Renal histology, and spleen, liver, lymph node and kidney PCR were evaluated in both groups.
Clinical samples
Animals were subjected to euthanasia, and renal parenchyma fragments were collected for histopathology. Spleen, liver, lymph node, and kidney samples were collected and frozen at -70ºC until DNA extraction.
Renal histology
After dehydration and diaphanization, renal fragments were infiltrated and embedded in paraffin, cut at 3 µm, placed on slides, stained with hematoxylin-eosin (HE), and examined by light microscopy.
Polymerase Chain Reaction (PCR)
DNA extraction from spleen, liver, lymph node, and kidney (cortical and medullar region) samples was performed with approximately 25 mg of tissue.

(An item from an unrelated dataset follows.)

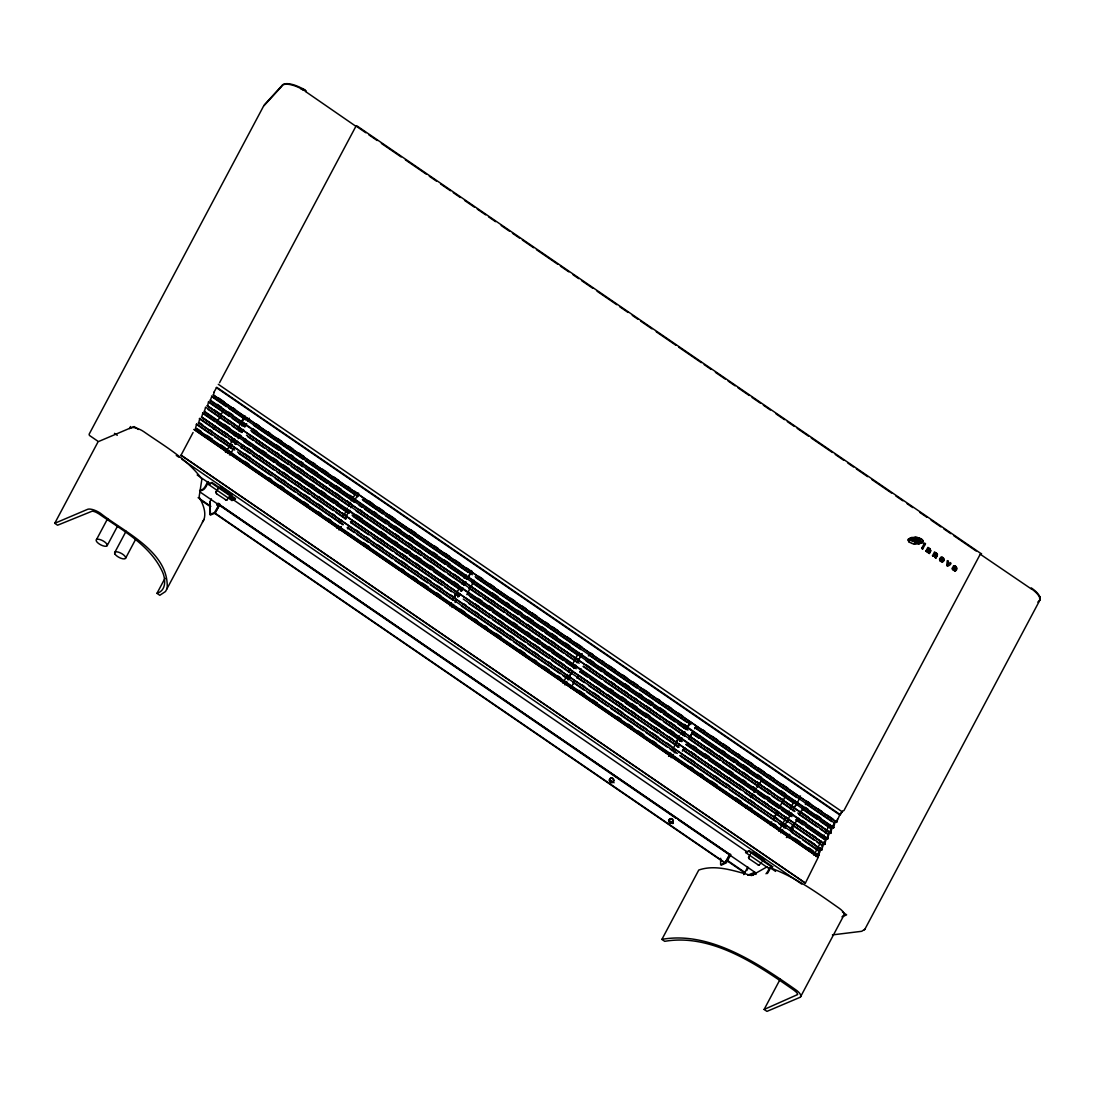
<?xml version="1.0" encoding="UTF-8"?>
<svg xmlns="http://www.w3.org/2000/svg" width="1095" height="1095" viewBox="0 0 1095 1095"><rect width="100%" height="100%" fill="white"/><g stroke="black" fill="none" stroke-linecap="round" stroke-linejoin="round"><path stroke-width="1.5" d="M1039.716 599.595L1039.607 598.335M211.431 498.896L209.87 501.825L209.802 514.595L214.606 512.46L219.342 504.028L220.027 504.494L214.962 513.158M720.661 858.302L720.62 864.694L725.438 862.559L730.173 854.127L730.844 854.593L726.286 862.846L721.304 865.159M745.586 852.485C746.763 848.953 745.024 854.511 749.185 850.651L772.632 866.72L772.276 867.377L769.087 868.65L745.64 852.567L749.185 850.651M912.053 543.435L908.631 541.601L908.344 539.192L911.834 537.522L916.077 537.303M908.056 540.369L908.412 539.164M947.805 564.541L950.159 562.57C953.02 563.145 947.791 567.374 946.71 565.431L947.298 560.613L948.338 561.324L947.859 564.514M947.941 563.747L948.338 561.324M955.155 571.22C960.602 567.538 950.638 563.911 955.168 566.936C952.349 567.21 950.173 568.209 955.21 571.193A2.71 2.409 67 0 1 955.579 569.934C958.098 568.346 955.442 564.527 953.307 566.088M923.126 541.56L921.552 538.877L917.104 537.453M769.552 867.787L772.632 866.72M167.138 588.754C169.602 551.853 124.105 532.156 100.466 513.268A10.676 3.983 28 0 0 90.351 509.12A10.512 3.928 28 0 0 87.518 509.367L54.75 523.287L57.57 525.217L92.24 511.146A7.104 2.655 28 0 1 96.196 512.337L99.139 514.02C121.819 530.076 149.221 544.407 161.882 570.632C165.701 578.009 166.905 590.356 156.968 593.339L159.802 595.283L165.509 591.505L204.026 519.4C206.435 511.639 202.698 503.659 199.126 496.884L201.891 479.076C186.889 458.6 164.209 445.98 143.842 431.704A10.676 3.983 28 0 0 133.713 427.556A10.512 3.928 28 0 0 130.88 427.803L98.112 441.723L54.75 523.287M264.21 105.01L282.455 85.013A18.478 6.898 28 0 1 306.217 90.967M818.074 857.59L805.372 883.117L181.031 455.219L193.062 432.525M199.495 419.713L198.688 422.752L821.907 849.871L198.332 422.711M211.39 397.348L210.281 400.743L833.5 827.875L833.733 827.149M214.237 392.037L213.443 394.994L836.662 822.126L213.087 394.953M819.457 852.663L818.636 855.825L819.84 851.034L680.255 755.372M837.442 819.156L836.662 822.126M202.78 413.239L201.685 417.113L824.905 844.231L201.329 417.072M822.441 847.078L822.537 845.874L816.897 842.014M834.322 824.713L834.417 823.508M217.029 503.974L217.18 503.659A6.173 1.656 -55.6 0 0 217.015 504.001L217.002 505L219.342 504.028M232.03 499.826L232.017 500.538L235.48 498.581L212.033 482.512C207.995 486.248 209.432 480.856 208.488 484.442L231.935 500.511M748.939 856.851L748.802 858.234M955.278 567.935L954.115 566.854M936.061 555.22C936.444 550.908 933.474 557.574 932.543 555.658L934.555 551.88L935.76 552.948M217.823 503.344L218.781 503.371M769.292 867.733L769.087 868.65M980.367 554.002L843.958 810.533L841.918 811.587L218.288 384.29M745.681 807.891L746.968 805.318M923.194 541.532L922.524 542.463M943.63 560.941C945.313 553.18 934.856 560.53 942.453 561.831A2.45 2.176 67 0 0 943.63 560.941L943.89 560.53A2.382 2.108 67 0 0 944.041 559.299L941.974 557.068A2.135 1.889 67 0 0 940.906 557.191L939.661 558.915A2.067 1.834 67 0 0 939.797 560.216A2.286 2.039 67 0 0 940.194 560.886L941.727 561.831A2.176 1.93 67 0 0 942.809 561.694M929.162 548.431L927.903 547.377L925.891 551.168C927.314 550.785 931.831 547.048 928.286 552.811L929.285 553.495L930.613 550.977L929.929 548.609M263.416 106.407L89.106 434.25L89.434 435.427L97.729 441.121M130.565 426.502L129.47 428.569L134.179 426.571L138.381 429.459M96.538 539.52L107.666 518.592M107.173 545.611L117.507 526.189M114.948 552.14L126.076 531.212M125.596 558.231L135.917 538.808M213.977 392.202L216.742 387.301L839.961 814.42L836.361 822.482M213.47 429.021L215.072 426.01M216.673 422.998L223.873 409.448M207.858 481.499L205.531 485.879A3.518 0.944 -55.6 0 1 202.52 489.355L199.591 490.615M208.543 481.964L206.202 486.344A3.518 0.944 -55.6 0 1 203.205 489.821L200.275 491.08M225.378 451.948L226.98 448.936M230.977 441.408L232.578 438.397M234.179 435.386L235.781 432.374M237.382 429.363L244.582 415.813M226.049 452.413L233.262 438.862M234.864 435.851L236.465 432.826M241.256 423.792L245.266 416.264M230.06 447.8L231.62 444.871M233.18 441.942L234.741 439.013M241.735 425.845L243.295 422.916M208.488 484.442L212.033 482.512M227.555 453.398L229.101 450.469M230.662 447.54L232.222 444.611M239.23 431.444L240.777 428.515M242.337 425.585L243.898 422.656M229.457 454.931L231.319 451.797M235.042 444.419L236.643 441.422M238.327 438.63L239.832 435.413M241.434 432.416L243.022 429.418M244.555 426.913L246.101 423.984M247.662 421.055L249.222 418.126M230.361 454.466L234.248 447.157M235.808 444.228L237.369 441.299M238.915 438.37L240.476 435.44M242.036 432.511L243.596 429.582M246.703 423.738L245.143 426.667L208.529 401.536L207.626 405.958L830.831 833.076L207.256 405.916M156.968 593.339L164.989 578.256M241.064 447.828L242.625 444.899M244.185 441.969L245.732 439.04M215.017 513.144L219.493 504.727L729.626 854.346L725.15 862.764L215.017 513.144L210.486 515.061L209.87 501.825M232.51 499.402L232.879 498.69M339.464 522.767L341.01 519.838M342.571 516.922L344.131 513.993M345.678 511.064L347.238 508.135M351.139 500.812L352.686 497.883M336.945 528.365L338.506 525.449M343.173 516.662L347.06 509.339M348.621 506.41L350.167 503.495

The QIAamp DNA Mini Kit was used.
Amplification was performed using an automatic thermocycler (Applied Biosystems 9700), with each tube containing 25 µl Taq PCR Master Mix Kit, 0.25 µl each of 5`-(G/C)(G/C)(C/G)CC(A/C)CTAT(A/T)TTACACCCAACCCC-3` and 5`-GGGGAGGGGCGTTCTGCGAA-3` primers (Ultrachem), and 3 µl of DNA from spleen, liver, lymph node, and kidney fragment samples.
Each assay contained a negative control, in which no DNA was added to the reaction mixture, and a positive control, in which parasite DNA (obtained from Leishmania donovani culture) was included as a template in the PCR.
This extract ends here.